--- THE TASK ---
Retype the opening lines of the listing below, ending with the line that contains "#40=VERTEX_POINT('',#39);", and leave out any pictures.

===============

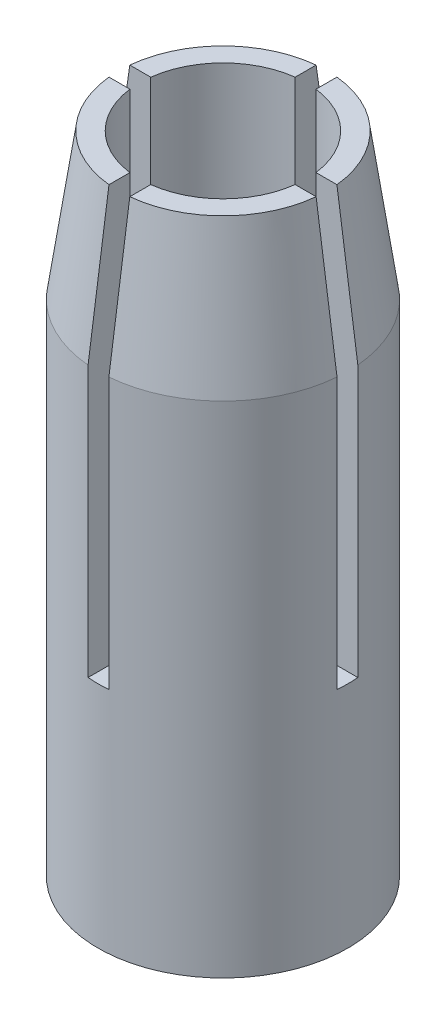
ISO-10303-21;
HEADER;
FILE_DESCRIPTION(('STEP AP214'),'2;1');
FILE_NAME('part.step','',(''),(''),'','','');
FILE_SCHEMA(('AUTOMOTIVE_DESIGN { 1 0 10303 214 1 1 1 1 }'));
ENDSEC;
DATA;
#1=APPLICATION_CONTEXT('core data for automotive mechanical design processes');
#2=APPLICATION_PROTOCOL_DEFINITION('international standard','automotive_design',2000,#1);
#3=PRODUCT_CONTEXT('',#1,'mechanical');
#4=PRODUCT('Part','Part','',(#3));
#5=PRODUCT_RELATED_PRODUCT_CATEGORY('part','',(#4));
#6=PRODUCT_DEFINITION_FORMATION('','',#4);
#7=PRODUCT_DEFINITION_CONTEXT('part definition',#1,'design');
#8=PRODUCT_DEFINITION('design','',#6,#7);
#9=PRODUCT_DEFINITION_SHAPE('','',#8);
#10=(LENGTH_UNIT() NAMED_UNIT(*) SI_UNIT(.MILLI.,.METRE.));
#11=(NAMED_UNIT(*) PLANE_ANGLE_UNIT() SI_UNIT($,.RADIAN.));
#12=(NAMED_UNIT(*) SI_UNIT($,.STERADIAN.) SOLID_ANGLE_UNIT());
#13=UNCERTAINTY_MEASURE_WITH_UNIT(LENGTH_MEASURE(1.E-05),#10,'distance_accuracy_value','');
#14=(GEOMETRIC_REPRESENTATION_CONTEXT(3) GLOBAL_UNCERTAINTY_ASSIGNED_CONTEXT((#13)) GLOBAL_UNIT_ASSIGNED_CONTEXT((#10,
#11,#12)) REPRESENTATION_CONTEXT('',''));
#15=CARTESIAN_POINT('',(0.,0.,0.));
#16=DIRECTION('',(0.,0.,1.));
#17=DIRECTION('',(1.,0.,0.));
#18=AXIS2_PLACEMENT_3D('',#15,#16,#17);
#19=CARTESIAN_POINT('',(0.,5.5,0.));
#20=DIRECTION('',(0.,1.,0.));
#21=DIRECTION('',(0.,0.,1.));
#22=AXIS2_PLACEMENT_3D('',#19,#20,#21);
#23=PLANE('',#22);
#24=CARTESIAN_POINT('',(0.,5.5,0.));
#25=DIRECTION('',(0.,1.,0.));
#26=DIRECTION('',(0.,0.,1.));
#27=AXIS2_PLACEMENT_3D('',#24,#25,#26);
#28=CIRCLE('',#27,2.);
#29=CARTESIAN_POINT('',(1.98431348329844,5.5,0.25));
#30=VERTEX_POINT('',#29);
#31=CARTESIAN_POINT('',(1.98431348329844,5.5,-0.249999999999999));
#32=VERTEX_POINT('',#31);
#33=EDGE_CURVE('E11',#30,#32,#28,.T.);
#34=ORIENTED_EDGE('',*,*,#33,.F.);
#35=DIRECTION('',(1.,0.,0.));
#36=VECTOR('',#35,1.);
#37=CARTESIAN_POINT('',(6.25,5.5,0.25));
#38=LINE('',#37,#36);
#39=CARTESIAN_POINT('',(2.98956518577535,5.5,0.25));
#40=VERTEX_POINT('',#39);
#41=EDGE_CURVE('E326',#30,#40,#38,.T.);
#42=ORIENTED_EDGE('',*,*,#41,.T.);
#43=CARTESIAN_POINT('',(0.,5.5,0.));
#44=DIRECTION('',(0.,1.,0.));
#45=DIRECTION('',(0.,0.,1.));
#46=AXIS2_PLACEMENT_3D('',#43,#44,#45);
#47=CIRCLE('',#46,3.);
#48=CARTESIAN_POINT('',(2.98956518577535,5.5,-0.249999999999999));
#49=VERTEX_POINT('',#48);
#50=EDGE_CURVE('E278',#49,#40,#47,.F.);
#51=ORIENTED_EDGE('',*,*,#50,.F.);
#52=DIRECTION('',(-1.,0.,0.));
#53=VECTOR('',#52,1.);
#54=CARTESIAN_POINT('',(0.25,5.5,-0.25));
#55=LINE('',#54,#53);
#56=EDGE_CURVE('E204',#49,#32,#55,.T.);
#57=ORIENTED_EDGE('',*,*,#56,.T.);
#58=EDGE_LOOP('',(#34,#42,#51,#57));
#59=FACE_BOUND('',#58,.T.);
#60=ADVANCED_FACE('F34',(#59),#23,.T.);
#61=CARTESIAN_POINT('',(0.25,5.5,-1.98431348329844));
#62=VERTEX_POINT('',#61);
#63=CARTESIAN_POINT('',(-0.249999999999999,5.5,-1.98431348329844));
#64=VERTEX_POINT('',#63);
#65=EDGE_CURVE('E43',#62,#64,#28,.T.);
#66=ORIENTED_EDGE('',*,*,#65,.F.);
#67=DIRECTION('',(0.,0.,-1.));
#68=VECTOR('',#67,1.);
#69=CARTESIAN_POINT('',(0.25,5.5,-6.25));
#70=LINE('',#69,#68);
#71=CARTESIAN_POINT('',(0.25,5.5,-2.98956518577535));
#72=VERTEX_POINT('',#71);
#73=EDGE_CURVE('E189',#62,#72,#70,.T.);
#74=ORIENTED_EDGE('',*,*,#73,.T.);
#75=CARTESIAN_POINT('',(-0.249999999999999,5.5,-2.98956518577535));
#76=VERTEX_POINT('',#75);
#77=EDGE_CURVE('E287',#76,#72,#47,.F.);
#78=ORIENTED_EDGE('',*,*,#77,.F.);
#79=DIRECTION('',(0.,0.,1.));
#80=VECTOR('',#79,1.);
#81=CARTESIAN_POINT('',(-0.249999999999999,5.5,-0.25));
#82=LINE('',#81,#80);
#83=EDGE_CURVE('E308',#76,#64,#82,.T.);
#84=ORIENTED_EDGE('',*,*,#83,.T.);
#85=EDGE_LOOP('',(#66,#74,#78,#84));
#86=FACE_BOUND('',#85,.T.);
#87=ADVANCED_FACE('F313',(#86),#23,.T.);
#88=CARTESIAN_POINT('',(-1.98431348329844,5.5,-0.249999999999999));
#89=VERTEX_POINT('',#88);
#90=CARTESIAN_POINT('',(-1.98431348329844,5.5,0.25));
#91=VERTEX_POINT('',#90);
#92=EDGE_CURVE('E299',#89,#91,#28,.T.);
#93=ORIENTED_EDGE('',*,*,#92,.F.);
#94=DIRECTION('',(-1.,0.,0.));
#95=VECTOR('',#94,1.);
#96=CARTESIAN_POINT('',(-6.25,5.5,-0.249999999999999));
#97=LINE('',#96,#95);
#98=CARTESIAN_POINT('',(-2.98956518577535,5.5,-0.249999999999999));
#99=VERTEX_POINT('',#98);
#100=EDGE_CURVE('E315',#89,#99,#97,.T.);
#101=ORIENTED_EDGE('',*,*,#100,.T.);
#102=CARTESIAN_POINT('',(-2.98956518577535,5.5,0.250000000000001));
#103=VERTEX_POINT('',#102);
#104=EDGE_CURVE('E277',#103,#99,#47,.F.);
#105=ORIENTED_EDGE('',*,*,#104,.F.);
#106=DIRECTION('',(1.,0.,0.));
#107=VECTOR('',#106,1.);
#108=CARTESIAN_POINT('',(-0.249999999999999,5.5,0.25));
#109=LINE('',#108,#107);
#110=EDGE_CURVE('E317',#103,#91,#109,.T.);
#111=ORIENTED_EDGE('',*,*,#110,.T.);
#112=EDGE_LOOP('',(#93,#101,#105,#111));
#113=FACE_BOUND('',#112,.T.);
#114=ADVANCED_FACE('F428',(#113),#23,.T.);
#115=CARTESIAN_POINT('',(0.,15.5,0.));
#116=DIRECTION('',(0.,1.,0.));
#117=DIRECTION('',(0.,0.,1.));
#118=AXIS2_PLACEMENT_3D('',#115,#116,#117);
#119=PLANE('',#118);
#120=CARTESIAN_POINT('',(0.,15.5,0.));
#121=DIRECTION('',(0.,-1.,0.));
#122=DIRECTION('',(0.,0.,-1.));
#123=AXIS2_PLACEMENT_3D('',#120,#121,#122);
#124=CIRCLE('',#123,2.);
#125=CARTESIAN_POINT('',(0.25,15.5,-1.98431348329844));
#126=VERTEX_POINT('',#125);
#127=CARTESIAN_POINT('',(1.98431348329844,15.5,-0.249999999999999));
#128=VERTEX_POINT('',#127);
#129=EDGE_CURVE('E169',#126,#128,#124,.T.);
#130=ORIENTED_EDGE('',*,*,#129,.T.);
#131=DIRECTION('',(-1.,0.,0.));
#132=VECTOR('',#131,1.);
#133=CARTESIAN_POINT('',(0.25,15.5,-0.25));
#134=LINE('',#133,#132);
#135=CARTESIAN_POINT('',(2.48746859276655,15.5,-0.249999999999999));
#136=VERTEX_POINT('',#135);
#137=EDGE_CURVE('E218',#136,#128,#134,.T.);
#138=ORIENTED_EDGE('',*,*,#137,.F.);
#139=CARTESIAN_POINT('',(0.,15.5,0.));
#140=DIRECTION('',(0.,-1.,0.));
#141=DIRECTION('',(0.,0.,-1.));
#142=AXIS2_PLACEMENT_3D('',#139,#140,#141);
#143=CIRCLE('',#142,2.5);
#144=CARTESIAN_POINT('',(0.25,15.5,-2.48746859276655));
#145=VERTEX_POINT('',#144);
#146=EDGE_CURVE('E196',#145,#136,#143,.T.);
#147=ORIENTED_EDGE('',*,*,#146,.F.);
#148=DIRECTION('',(0.,0.,-1.));
#149=VECTOR('',#148,1.);
#150=CARTESIAN_POINT('',(0.25,15.5,-6.25));
#151=LINE('',#150,#149);
#152=EDGE_CURVE('E186',#126,#145,#151,.T.);
#153=ORIENTED_EDGE('',*,*,#152,.F.);
#154=EDGE_LOOP('',(#130,#138,#147,#153));
#155=FACE_BOUND('',#154,.T.);
#156=ADVANCED_FACE('F194',(#155),#119,.T.);
#157=CARTESIAN_POINT('',(1.98431348329844,15.5,0.25));
#158=VERTEX_POINT('',#157);
#159=CARTESIAN_POINT('',(0.25,15.5,1.98431348329844));
#160=VERTEX_POINT('',#159);
#161=EDGE_CURVE('E180',#158,#160,#124,.T.);
#162=ORIENTED_EDGE('',*,*,#161,.T.);
#163=DIRECTION('',(0.,0.,-1.));
#164=VECTOR('',#163,1.);
#165=CARTESIAN_POINT('',(0.25,15.5,0.25));
#166=LINE('',#165,#164);
#167=CARTESIAN_POINT('',(0.25,15.5,2.48746859276655));
#168=VERTEX_POINT('',#167);
#169=EDGE_CURVE('E213',#168,#160,#166,.T.);
#170=ORIENTED_EDGE('',*,*,#169,.F.);
#171=CARTESIAN_POINT('',(2.48746859276655,15.5,0.25));
#172=VERTEX_POINT('',#171);
#173=EDGE_CURVE('E273',#172,#168,#143,.T.);
#174=ORIENTED_EDGE('',*,*,#173,.F.);
#175=DIRECTION('',(1.,0.,0.));
#176=VECTOR('',#175,1.);
#177=CARTESIAN_POINT('',(6.25,15.5,0.25));
#178=LINE('',#177,#176);
#179=EDGE_CURVE('E216',#158,#172,#178,.T.);
#180=ORIENTED_EDGE('',*,*,#179,.F.);
#181=EDGE_LOOP('',(#162,#170,#174,#180));
#182=FACE_BOUND('',#181,.T.);
#183=ADVANCED_FACE('F412',(#182),#119,.T.);
#184=CARTESIAN_POINT('',(-0.249999999999999,15.5,1.98431348329844));
#185=VERTEX_POINT('',#184);
#186=CARTESIAN_POINT('',(-1.98431348329844,15.5,0.25));
#187=VERTEX_POINT('',#186);
#188=EDGE_CURVE('E415',#185,#187,#124,.T.);
#189=ORIENTED_EDGE('',*,*,#188,.T.);
#190=DIRECTION('',(1.,0.,0.));
#191=VECTOR('',#190,1.);
#192=CARTESIAN_POINT('',(-0.249999999999999,15.5,0.25));
#193=LINE('',#192,#191);
#194=CARTESIAN_POINT('',(-2.48746859276655,15.5,0.250000000000001));
#195=VERTEX_POINT('',#194);
#196=EDGE_CURVE('E208',#195,#187,#193,.T.);
#197=ORIENTED_EDGE('',*,*,#196,.F.);
#198=CARTESIAN_POINT('',(-0.249999999999999,15.5,2.48746859276655));
#199=VERTEX_POINT('',#198);
#200=EDGE_CURVE('E430',#199,#195,#143,.T.);
#201=ORIENTED_EDGE('',*,*,#200,.F.);
#202=DIRECTION('',(0.,0.,1.));
#203=VECTOR('',#202,1.);
#204=CARTESIAN_POINT('',(-0.249999999999999,15.5,6.25));
#205=LINE('',#204,#203);
#206=EDGE_CURVE('E211',#185,#199,#205,.T.);
#207=ORIENTED_EDGE('',*,*,#206,.F.);
#208=EDGE_LOOP('',(#189,#197,#201,#207));
#209=FACE_BOUND('',#208,.T.);
#210=ADVANCED_FACE('F438',(#209),#119,.T.);
#211=CARTESIAN_POINT('',(0.,12.,0.));
#212=DIRECTION('',(0.,-1.,0.));
#213=DIRECTION('',(0.,0.,-1.));
#214=AXIS2_PLACEMENT_3D('',#211,#212,#213);
#215=CONICAL_SURFACE('',#214,3.,0.141897054604164);
#216=CARTESIAN_POINT('',(0.25,17.5974181034012,-2.18612054619095));
#217=CARTESIAN_POINT('',(0.25,16.3253345447487,-2.36900749170544));
#218=CARTESIAN_POINT('',(0.25,15.0532172360124,-2.55165936364087));
#219=CARTESIAN_POINT('',(0.25,13.3620493745075,-2.79426649400318));
#220=CARTESIAN_POINT('',(0.25,12.9430188500199,-2.85436134005573));
#221=CARTESIAN_POINT('',(0.25,10.8328004035789,-3.15692332874558));
#222=CARTESIAN_POINT('',(0.25,9.14158138153774,-3.39917363737321));
#223=CARTESIAN_POINT('',(0.25,7.45035573658055,-3.64137735206729));
#224=B_SPLINE_CURVE_WITH_KNOTS('',3,(#216,#217,#218,#219,#220,#221,#222,#223),.UNSPECIFIED.,.F.,
.F.,(4,2,2,4),(0.,3.85548924063714,5.12544267930526,10.2508852950475),.UNSPECIFIED.);
#225=CARTESIAN_POINT('',(0.25,12.,-2.98956518577535));
#226=VERTEX_POINT('',#225);
#227=EDGE_CURVE('E250',#145,#226,#224,.T.);
#228=ORIENTED_EDGE('',*,*,#227,.F.);
#229=ORIENTED_EDGE('',*,*,#146,.T.);
#230=CARTESIAN_POINT('',(3.64137735206729,7.45035573658055,-0.249999999999999));
#231=CARTESIAN_POINT('',(3.52028937255365,8.29597056504085,-0.249999999999999));
#232=CARTESIAN_POINT('',(3.39917658861142,9.14158184315956,-0.249999999999999));
#233=CARTESIAN_POINT('',(3.1568739578554,10.8327933417464,-0.249999999999999));
#234=CARTESIAN_POINT('',(3.03568411104306,11.6783935622148,-0.249999999999999));
#235=CARTESIAN_POINT('',(2.79319989441477,13.3695790312572,-0.249999999999999));
#236=CARTESIAN_POINT('',(2.67190552459748,14.215164279831,-0.249999999999999));
#237=CARTESIAN_POINT('',(2.4291518444079,15.9063111155802,-0.249999999999999));
#238=CARTESIAN_POINT('',(2.3076925340324,16.7518727027551,-0.249999999999999));
#239=CARTESIAN_POINT('',(2.18612054619095,17.5974181034012,-0.249999999999999));
#240=B_SPLINE_CURVE_WITH_KNOTS('',3,(#230,#231,#232,#233,#234,#235,#236,#237,#238,#239),
.UNSPECIFIED.,.F.,.F.,(4,2,2,2,4),(0.,2.56272133473702,5.12544262106358,7.6881639400474,
10.2508853089314),.UNSPECIFIED.);
#241=CARTESIAN_POINT('',(2.98956518577535,12.,-0.249999999999999));
#242=VERTEX_POINT('',#241);
#243=EDGE_CURVE('E257',#242,#136,#240,.T.);
#244=ORIENTED_EDGE('',*,*,#243,.F.);
#245=CARTESIAN_POINT('',(0.,12.,0.));
#246=DIRECTION('',(0.,-1.,0.));
#247=DIRECTION('',(0.,0.,-1.));
#248=AXIS2_PLACEMENT_3D('',#245,#246,#247);
#249=CIRCLE('',#248,3.);
#250=EDGE_CURVE('E266',#226,#242,#249,.T.);
#251=ORIENTED_EDGE('',*,*,#250,.F.);
#252=EDGE_LOOP('',(#228,#229,#244,#251));
#253=FACE_BOUND('',#252,.T.);
#254=ADVANCED_FACE('F343',(#253),#215,.T.);
#255=CARTESIAN_POINT('',(2.18612054619095,17.5974181034012,0.25));
#256=CARTESIAN_POINT('',(2.36900749170544,16.3253345447487,0.25));
#257=CARTESIAN_POINT('',(2.55165936364087,15.0532172360124,0.25));
#258=CARTESIAN_POINT('',(2.79426649400318,13.3620493745075,0.25));
#259=CARTESIAN_POINT('',(2.85436134005573,12.9430188500199,0.25));
#260=CARTESIAN_POINT('',(3.15692332874558,10.8328004035789,0.25));
#261=CARTESIAN_POINT('',(3.39917363737321,9.14158138153774,0.25));
#262=CARTESIAN_POINT('',(3.64137735206729,7.45035573658055,0.25));
#263=B_SPLINE_CURVE_WITH_KNOTS('',3,(#255,#256,#257,#258,#259,#260,#261,#262),.UNSPECIFIED.,.F.,
.F.,(4,2,2,4),(0.,3.85548924063714,5.12544267930526,10.2508852950475),.UNSPECIFIED.);
#264=CARTESIAN_POINT('',(2.98956518577535,12.,0.25));
#265=VERTEX_POINT('',#264);
#266=EDGE_CURVE('E344',#172,#265,#263,.T.);
#267=ORIENTED_EDGE('',*,*,#266,.F.);
#268=ORIENTED_EDGE('',*,*,#173,.T.);
#269=CARTESIAN_POINT('',(0.25,7.45035573658055,3.64137735206729));
#270=CARTESIAN_POINT('',(0.25,8.29597056504085,3.52028937255365));
#271=CARTESIAN_POINT('',(0.25,9.14158184315956,3.39917658861142));
#272=CARTESIAN_POINT('',(0.25,10.8327933417464,3.1568739578554));
#273=CARTESIAN_POINT('',(0.25,11.6783935622148,3.03568411104306));
#274=CARTESIAN_POINT('',(0.25,13.3695790312572,2.79319989441477));
#275=CARTESIAN_POINT('',(0.25,14.215164279831,2.67190552459748));
#276=CARTESIAN_POINT('',(0.25,15.9063111155802,2.4291518444079));
#277=CARTESIAN_POINT('',(0.25,16.7518727027551,2.3076925340324));
#278=CARTESIAN_POINT('',(0.25,17.5974181034012,2.18612054619095));
#279=B_SPLINE_CURVE_WITH_KNOTS('',3,(#269,#270,#271,#272,#273,#274,#275,#276,#277,#278),
.UNSPECIFIED.,.F.,.F.,(4,2,2,2,4),(0.,2.56272133473702,5.12544262106358,7.6881639400474,
10.2508853089314),.UNSPECIFIED.);
#280=CARTESIAN_POINT('',(0.25,12.,2.98956518577535));
#281=VERTEX_POINT('',#280);
#282=EDGE_CURVE('E345',#281,#168,#279,.T.);
#283=ORIENTED_EDGE('',*,*,#282,.F.);
#284=EDGE_CURVE('E270',#265,#281,#249,.T.);
#285=ORIENTED_EDGE('',*,*,#284,.F.);
#286=EDGE_LOOP('',(#267,#268,#283,#285));
#287=FACE_BOUND('',#286,.T.);
#288=ADVANCED_FACE('F405',(#287),#215,.T.);
#289=CARTESIAN_POINT('',(-0.249999999999999,17.5974181034012,2.18612054619095));
#290=CARTESIAN_POINT('',(-0.249999999999999,16.3253345447487,2.36900749170544));
#291=CARTESIAN_POINT('',(-0.249999999999999,15.0532172360124,2.55165936364087));
#292=CARTESIAN_POINT('',(-0.249999999999999,13.3620493745075,2.79426649400318));
#293=CARTESIAN_POINT('',(-0.249999999999999,12.9430188500199,2.85436134005573));
#294=CARTESIAN_POINT('',(-0.249999999999999,10.8328004035789,3.15692332874558));
#295=CARTESIAN_POINT('',(-0.249999999999999,9.14158138153774,3.39917363737321));
#296=CARTESIAN_POINT('',(-0.249999999999999,7.45035573658055,3.64137735206729));
#297=B_SPLINE_CURVE_WITH_KNOTS('',3,(#289,#290,#291,#292,#293,#294,#295,#296),.UNSPECIFIED.,.F.,
.F.,(4,2,2,4),(0.,3.85548924063714,5.12544267930526,10.2508852950475),.UNSPECIFIED.);
#298=CARTESIAN_POINT('',(-0.249999999999999,12.,2.98956518577535));
#299=VERTEX_POINT('',#298);
#300=EDGE_CURVE('E348',#199,#299,#297,.T.);
#301=ORIENTED_EDGE('',*,*,#300,.F.);
#302=ORIENTED_EDGE('',*,*,#200,.T.);
#303=CARTESIAN_POINT('',(-3.64137735206729,7.45035573658055,0.250000000000001));
#304=CARTESIAN_POINT('',(-3.52028937255365,8.29597056504085,0.250000000000001));
#305=CARTESIAN_POINT('',(-3.39917658861142,9.14158184315956,0.250000000000001));
#306=CARTESIAN_POINT('',(-3.1568739578554,10.8327933417464,0.250000000000001));
#307=CARTESIAN_POINT('',(-3.03568411104306,11.6783935622148,0.250000000000001));
#308=CARTESIAN_POINT('',(-2.79319989441477,13.3695790312572,0.250000000000001));
#309=CARTESIAN_POINT('',(-2.67190552459748,14.215164279831,0.250000000000001));
#310=CARTESIAN_POINT('',(-2.4291518444079,15.9063111155802,0.250000000000001));
#311=CARTESIAN_POINT('',(-2.3076925340324,16.7518727027551,0.250000000000001));
#312=CARTESIAN_POINT('',(-2.18612054619095,17.5974181034012,0.25));
#313=B_SPLINE_CURVE_WITH_KNOTS('',3,(#303,#304,#305,#306,#307,#308,#309,#310,#311,#312),
.UNSPECIFIED.,.F.,.F.,(4,2,2,2,4),(0.,2.56272133473702,5.12544262106358,7.6881639400474,
10.2508853089314),.UNSPECIFIED.);
#314=CARTESIAN_POINT('',(-2.98956518577535,12.,0.250000000000001));
#315=VERTEX_POINT('',#314);
#316=EDGE_CURVE('E378',#315,#195,#313,.T.);
#317=ORIENTED_EDGE('',*,*,#316,.F.);
#318=EDGE_CURVE('E396',#299,#315,#249,.T.);
#319=ORIENTED_EDGE('',*,*,#318,.F.);
#320=EDGE_LOOP('',(#301,#302,#317,#319));
#321=FACE_BOUND('',#320,.T.);
#322=ADVANCED_FACE('F435',(#321),#215,.T.);
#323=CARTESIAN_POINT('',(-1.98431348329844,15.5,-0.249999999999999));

===============

--- WRITTEN REPLY ---
ISO-10303-21;
HEADER;
FILE_DESCRIPTION(('STEP AP214'),'2;1');
FILE_NAME('part.step','',(''),(''),'','','');
FILE_SCHEMA(('AUTOMOTIVE_DESIGN { 1 0 10303 214 1 1 1 1 }'));
ENDSEC;
DATA;
#1=APPLICATION_CONTEXT('core data for automotive mechanical design processes');
#2=APPLICATION_PROTOCOL_DEFINITION('international standard','automotive_design',2000,#1);
#3=PRODUCT_CONTEXT('',#1,'mechanical');
#4=PRODUCT('Part','Part','',(#3));
#5=PRODUCT_RELATED_PRODUCT_CATEGORY('part','',(#4));
#6=PRODUCT_DEFINITION_FORMATION('','',#4);
#7=PRODUCT_DEFINITION_CONTEXT('part definition',#1,'design');
#8=PRODUCT_DEFINITION('design','',#6,#7);
#9=PRODUCT_DEFINITION_SHAPE('','',#8);
#10=(LENGTH_UNIT() NAMED_UNIT(*) SI_UNIT(.MILLI.,.METRE.));
#11=(NAMED_UNIT(*) PLANE_ANGLE_UNIT() SI_UNIT($,.RADIAN.));
#12=(NAMED_UNIT(*) SI_UNIT($,.STERADIAN.) SOLID_ANGLE_UNIT());
#13=UNCERTAINTY_MEASURE_WITH_UNIT(LENGTH_MEASURE(1.E-05),#10,'distance_accuracy_value','');
#14=(GEOMETRIC_REPRESENTATION_CONTEXT(3) GLOBAL_UNCERTAINTY_ASSIGNED_CONTEXT((#13)) GLOBAL_UNIT_ASSIGNED_CONTEXT((#10,
#11,#12)) REPRESENTATION_CONTEXT('',''));
#15=CARTESIAN_POINT('',(0.,0.,0.));
#16=DIRECTION('',(0.,0.,1.));
#17=DIRECTION('',(1.,0.,0.));
#18=AXIS2_PLACEMENT_3D('',#15,#16,#17);
#19=CARTESIAN_POINT('',(0.,5.5,0.));
#20=DIRECTION('',(0.,1.,0.));
#21=DIRECTION('',(0.,0.,1.));
#22=AXIS2_PLACEMENT_3D('',#19,#20,#21);
#23=PLANE('',#22);
#24=CARTESIAN_POINT('',(0.,5.5,0.));
#25=DIRECTION('',(0.,1.,0.));
#26=DIRECTION('',(0.,0.,1.));
#27=AXIS2_PLACEMENT_3D('',#24,#25,#26);
#28=CIRCLE('',#27,2.);
#29=CARTESIAN_POINT('',(1.98431348329844,5.5,0.25));
#30=VERTEX_POINT('',#29);
#31=CARTESIAN_POINT('',(1.98431348329844,5.5,-0.249999999999999));
#32=VERTEX_POINT('',#31);
#33=EDGE_CURVE('E11',#30,#32,#28,.T.);
#34=ORIENTED_EDGE('',*,*,#33,.F.);
#35=DIRECTION('',(1.,0.,0.));
#36=VECTOR('',#35,1.);
#37=CARTESIAN_POINT('',(6.25,5.5,0.25));
#38=LINE('',#37,#36);
#39=CARTESIAN_POINT('',(2.98956518577535,5.5,0.25));
#40=VERTEX_POINT('',#39);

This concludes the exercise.